Uses this data set: https://www.kaggle.com/shuyangli94/food-com-recipes-and-user-interactions

And also some randomly generated info

In [1]:
import pandas as pd
import numpy as np
from personal_filepaths import *
import ast
from sqlalchemy import create_engine
from credentials import username, password
from models import *
from sqlalchemy.orm import sessionmaker
from sqlalchemy import event
import random

pd.options.display.max_columns = 20
np.random.seed(42)

In [2]:
# For importing all data
users_df = pd.read_csv(PP_users)
recipes_df = pd.read_csv(PP_recipes)
interactions_df = pd.read_csv(RAW_interactions)
recipes_info_df = pd.read_csv(RAW_recipes)
ingredients_df = pd.read_pickle(ingr_map)
user_pass_df = pd.read_csv(user_pass)

In [3]:
# Drop unneccesary info
users_df.drop(['techniques', 'n_items', 'n_ratings'], axis=1, inplace=True)
recipes_df.drop(['i', 'name_tokens', 'techniques', 'calorie_level', 'ingredient_tokens', 'steps_tokens'], axis=1, inplace=True)
interactions_df.drop(['review'], axis=1, inplace=True)
recipes_info_df.drop(['n_steps', 'n_ingredients', 'ingredients', 'nutrition'], axis=1, inplace=True)
ingredients_df.drop(['raw_ingr', 'raw_words', 'processed', 'len_proc', 'count'], axis=1, inplace=True)

In [4]:
# Fill in user data and adjust tables accordingly, along with some other processing

# This section fills in the fake usernames and passwords
users_df = users_df.head(10000)
users_df['username'] = user_pass_df['Username']
users_df['password'] = user_pass_df['Password']

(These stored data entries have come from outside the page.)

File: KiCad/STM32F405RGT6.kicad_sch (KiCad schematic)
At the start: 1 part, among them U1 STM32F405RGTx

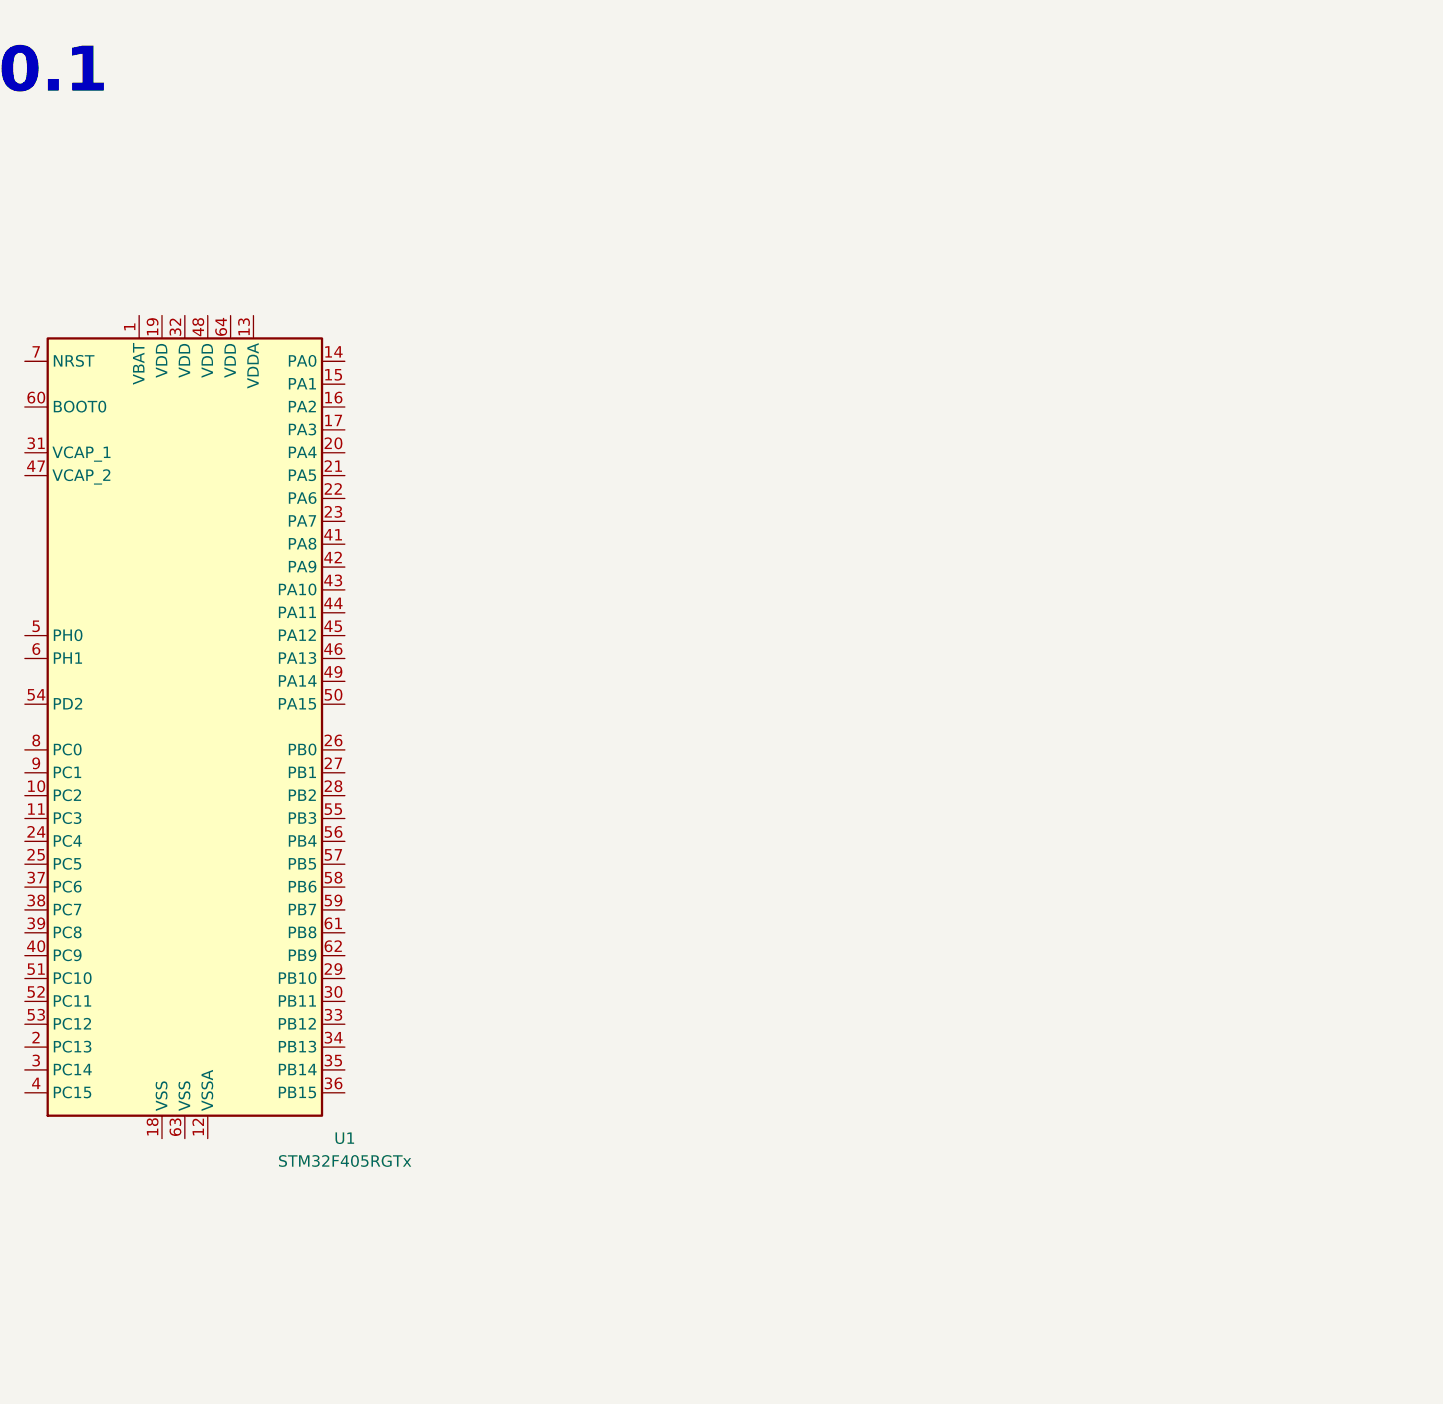
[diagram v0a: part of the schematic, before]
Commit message: Added prototype components to schematic
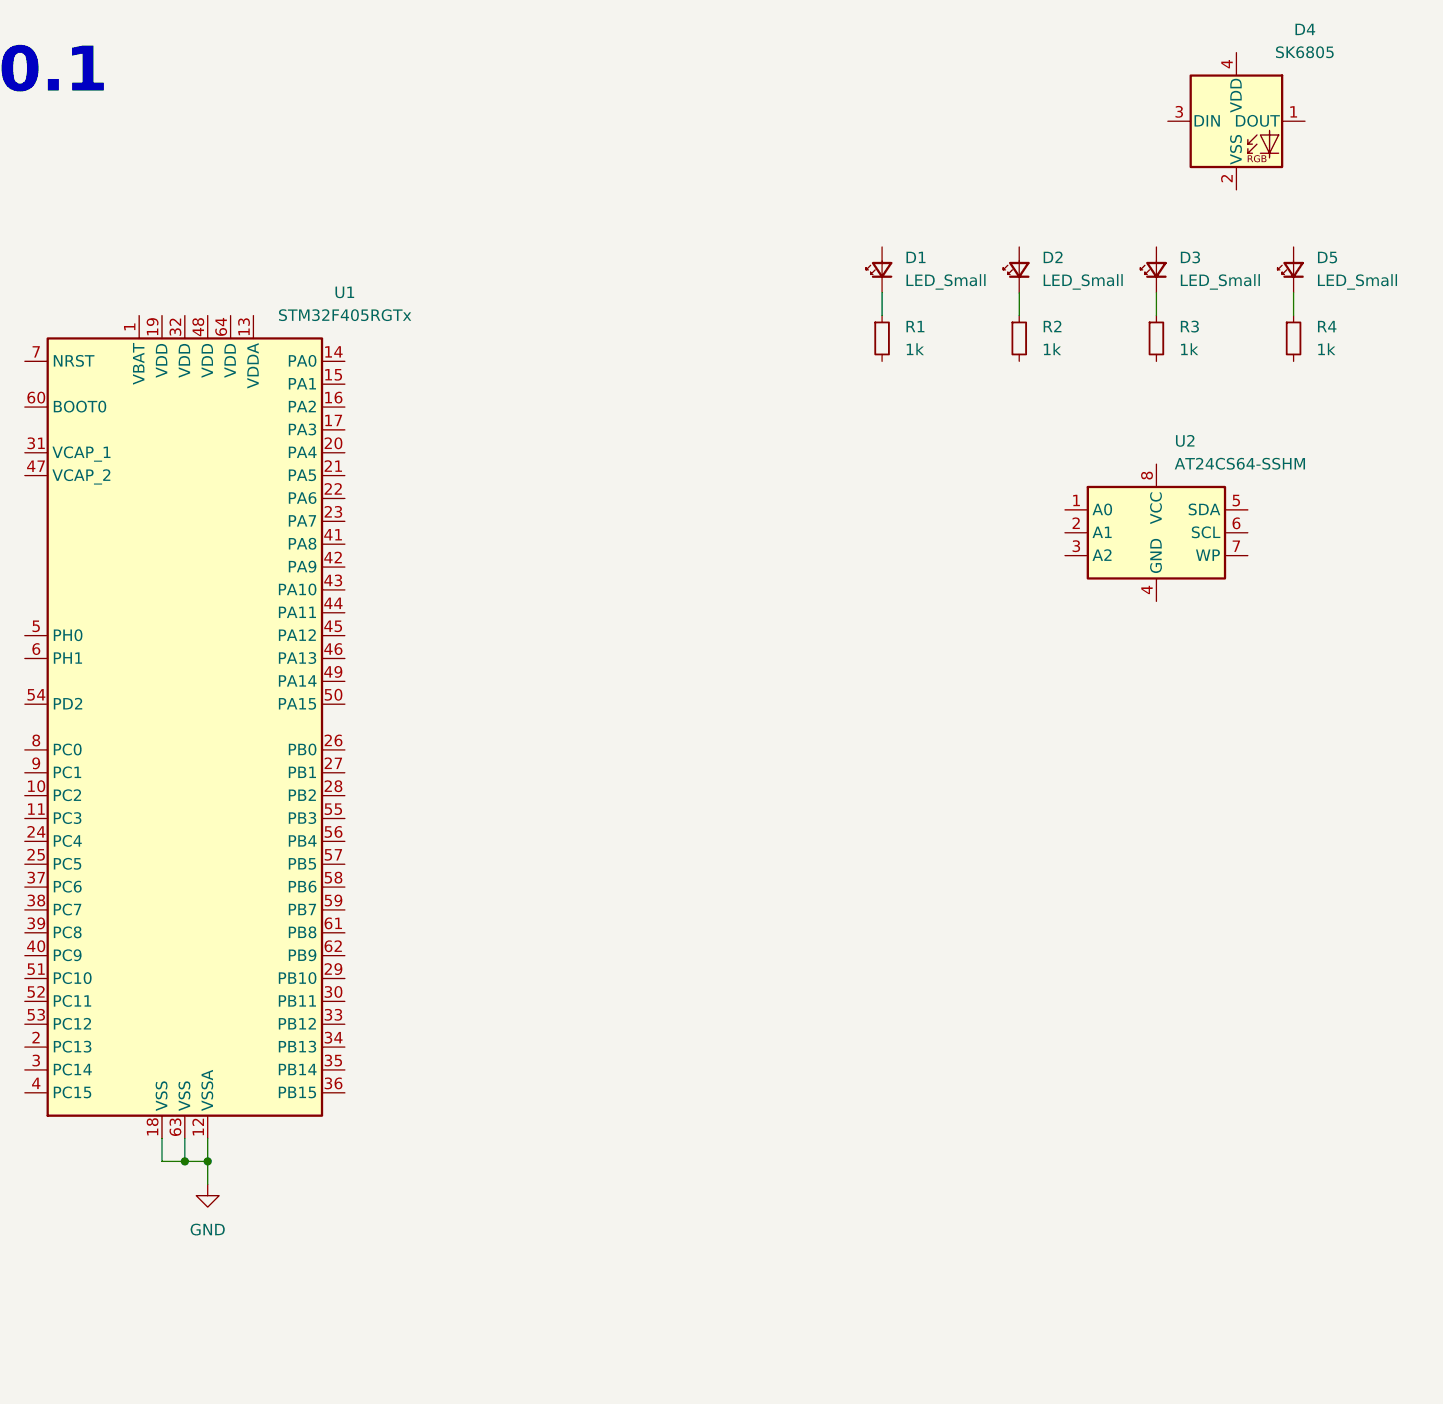
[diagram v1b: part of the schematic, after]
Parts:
- added D1, D2, D3, D5: LED_Small, LED_SMD:LED_0603_1608Metric, symbol Device:LED_Small
- added D4: SK6805, LED_SMD:LED_SK6805_PLCC4_2.4x2.7mm_P1.3mm, symbol LED:SK6805
- added R1, R2, R3, R4: 1k, Resistor_SMD:R_0603_1608Metric, symbol Device:R_Small
- added U2: AT24CS64-SSHM, Package_SO:SOIC-8_3.9x4.9mm_P1.27mm, symbol Memory_EEPROM:AT24CS64-SSHM
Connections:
- net GND: now reaches U1.12 (VSSA)
- net GND: now also U1.18 (VSS), U1.63 (VSS)
- new net: D3.1 (K), R3.1
- new net: D2.1 (K), R2.1
- new net: D1.1 (K), R1.1
- new net: D5.1 (K), R4.1

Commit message: Added Components to the Schematic and PCB
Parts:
- added C1, C11, C3, C5, C7, C8, C9: 100nF, Capacitor_SMD:C_0603_1608Metric, symbol Device:C_Small
- added C10: 1uF, Capacitor_SMD:C_0805_2012Metric, symbol Device:C_Small
- added C2: 10uF, Capacitor_SMD:C_0805_2012Metric, symbol Device:C_Small
- added C4, C6: 2.2uF, Capacitor_SMD:C_0805_2012Metric, symbol Device:C_Small
- added D6, D7: LED_Small, LED_SMD:LED_0603_1608Metric, symbol Device:LED_Small
- added FB1, FB2: FerriteBead_Small, Inductor_SMD:L_0805_2012Metric, symbol Device:FerriteBead_Small
- added J1, J2: USB_C_Receptacle_USB2.0, Connector_USB:USB_C_Receptacle_HRO_TYPE-C-31-M-12, symbol Connector:USB_C_Receptacle_USB2.0
- added R5, R6: 1k, Resistor_SMD:R_0603_1608Metric, symbol Device:R_Small
- added SW1: SW_SPST, symbol Switch:SW_SPST
- added U3: FT232BM, Package_QFP:LQFP-32_7x7mm_P0.8mm, symbol Interface_USB:FT232BM
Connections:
- net GND: now also C1.2, C10.2, C11.2, C2.2, C3.2, C4.2, C5.2, C6.2, C7.2, C8.2, C9.2, SW1.1 (A)
- net VDD_Decoupling: now reaches U1.1 (VBAT)
- net VDD_Decoupling: now also U1.19 (VDD), U1.32 (VDD), U1.48 (VDD), U1.64 (VDD), C11.1, C2.1, C3.1, C5.1, C7.1, C8.1, FB1.2
- net VDDA_Decoupling: now reaches U1.13 (VDDA)
- net VDDA_Decoupling: now also C10.1, C9.1, FB2.1
- net at U1.31 (VCAP_1): now also C4.1
- net STM32_USBD-: now reaches U1.35 (PB14)
- net STM32_USBD-: now also J1.A7 (D-), J1.B7 (D-)
- net STM32_USBD+: now reaches U1.36 (PB15)
- net STM32_USBD+: now also J1.A6 (D+), J1.B6 (D+)
- net FTDI_RX: now reaches U1.42 (PA9)
- net FTDI_RX: now also U3.24 (D1/RXD)
- net FTDI_TX: now reaches U1.43 (PA10)
- net FTDI_TX: now also U3.25 (D0/TXD)
- net at U1.47 (VCAP_2): now also C6.1
- net +3V3: now reaches U1.7 (NRST)
- net +3V3: now also C1.1, D6.2 (A), D7.2 (A), FB1.1, FB2.2, SW1.2 (B), U3.23 (D2/~{RST})
- new net: D6.1 (K), R5.1
- new net: J1.A1 (GND), J1.A12 (GND), J1.B1 (GND), J1.B12 (GND)
- new net: J1.A4 (VBUS), J1.A9 (VBUS), J1.B4 (VBUS), J1.B9 (VBUS)
- new net: D7.1 (K), R6.1
- new net: J2.A1 (GND), J2.A12 (GND), J2.B1 (GND), J2.B12 (GND)
- new net: J2.A4 (VBUS), J2.A9 (VBUS), J2.B4 (VBUS), J2.B9 (VBUS)
- new net FTDI_CTS: U3.22 (D3/~{CTS})
- new net FTDI_DTR: U3.21 (D4/~{DTR})
- new net FTDI_USBD+: J2.A6 (D+), J2.B6 (D+), U3.7 (USBDP)
- new net FTDI_USBD-: J2.A7 (D-), J2.B7 (D-), U3.8 (USBDM)
- new net RX_LED: R5.2, U3.11 (~{RXLED})
- new net TX_LED: R6.2, U3.12 (~{TXLED})
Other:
- moved on the sheet: D1, D2, D3, D4, D5, R1, R2, R3, R4, U1, U2

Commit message: Updated Schematic and PCB
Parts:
- added C12, C13: 14pF, Capacitor_SMD:C_0603_1608Metric, symbol Device:C_Small
- added JP1: BOOT0, Connector_PinHeader_2.54mm:PinHeader_1x02_P2.54mm_Vertical, symbol Jumper:Jumper_2_Open
- added R7, R9: 10k, Resistor_SMD:R_0603_1608Metric, symbol Device:R_Small
- added R8: 470R, Resistor_SMD:R_0603_1608Metric, symbol Device:R_Small
- added Y1: 25MHz, Crystal:Crystal_SMD_3225-4Pin_3.2x2.5mm, symbol Device:Crystal_GND24_Small
- D4: footprint LED_SMD:LED_SK6805_PLCC4_2.4x2.7mm_P1.3mm -> LED_SMD:LED_SK6812_EC15_1.5x1.5mm
- FB1, FB2: value FerriteBead_Small -> 100R @100MHz
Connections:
- net +3V3: now also JP1.2 (B)
- net GND: now also C12.1, C13.2, R7.2, R9.2, Y1.2, Y1.4
- net at U1.28 (PB2): now also R9.1
- net VCAP_1: now reaches C4.1, U1.31 (VCAP_1)
- net VCAP_2: now reaches C6.1, U1.47 (VCAP_2)
- net HSE_IN: now reaches U1.5 (PH0)
- net HSE_IN: now also C12.2, Y1.1
- net HSE_OUT: now reaches U1.6 (PH1)
- net HSE_OUT: now also R8.1
- net BOOT0: now reaches U1.60 (BOOT0)
- net BOOT0: now also JP1.1 (A), R7.1
- new net: C13.1, R8.2, Y1.3
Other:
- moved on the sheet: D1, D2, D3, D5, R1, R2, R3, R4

# This section removes any data that references users we deleted
recipes_info_df = recipes_info_df.loc[recipes_info_df['contributor_id'].isin(users_df['u'])]
recipes_df = recipes_df.loc[recipes_df['id'].isin(recipes_info_df['id'])]
interactions_df = interactions_df.loc[interactions_df['user_id'].isin(users_df['u'])]
interactions_df = interactions_df.loc[interactions_df['recipe_id'].isin(recipes_info_df['id'])]

# This just removes unnecessary duplicate data
ingredients_df.drop_duplicates(inplace=True)

# This generates fake account creation and login dates
users_df['creation_date'] = np.random.choice(pd.date_range('1999-08-06', '2021-03-01'), len(users_df))
users_df['last_access_date'] = np.random.choice(pd.date_range('2021-03-01', '2021-03-28'), len(users_df))

# Generate fake serving and difficulty data
recipes_info_df['servings'] = np.random.randint(1, 10, len(recipes_info_df))
recipes_info_df['difficulty'] = recipes_info_df['servings'].apply(lambda x: random.choice(['easy', 'easy_medium', 'medium', 'medium_hard', 'hard']))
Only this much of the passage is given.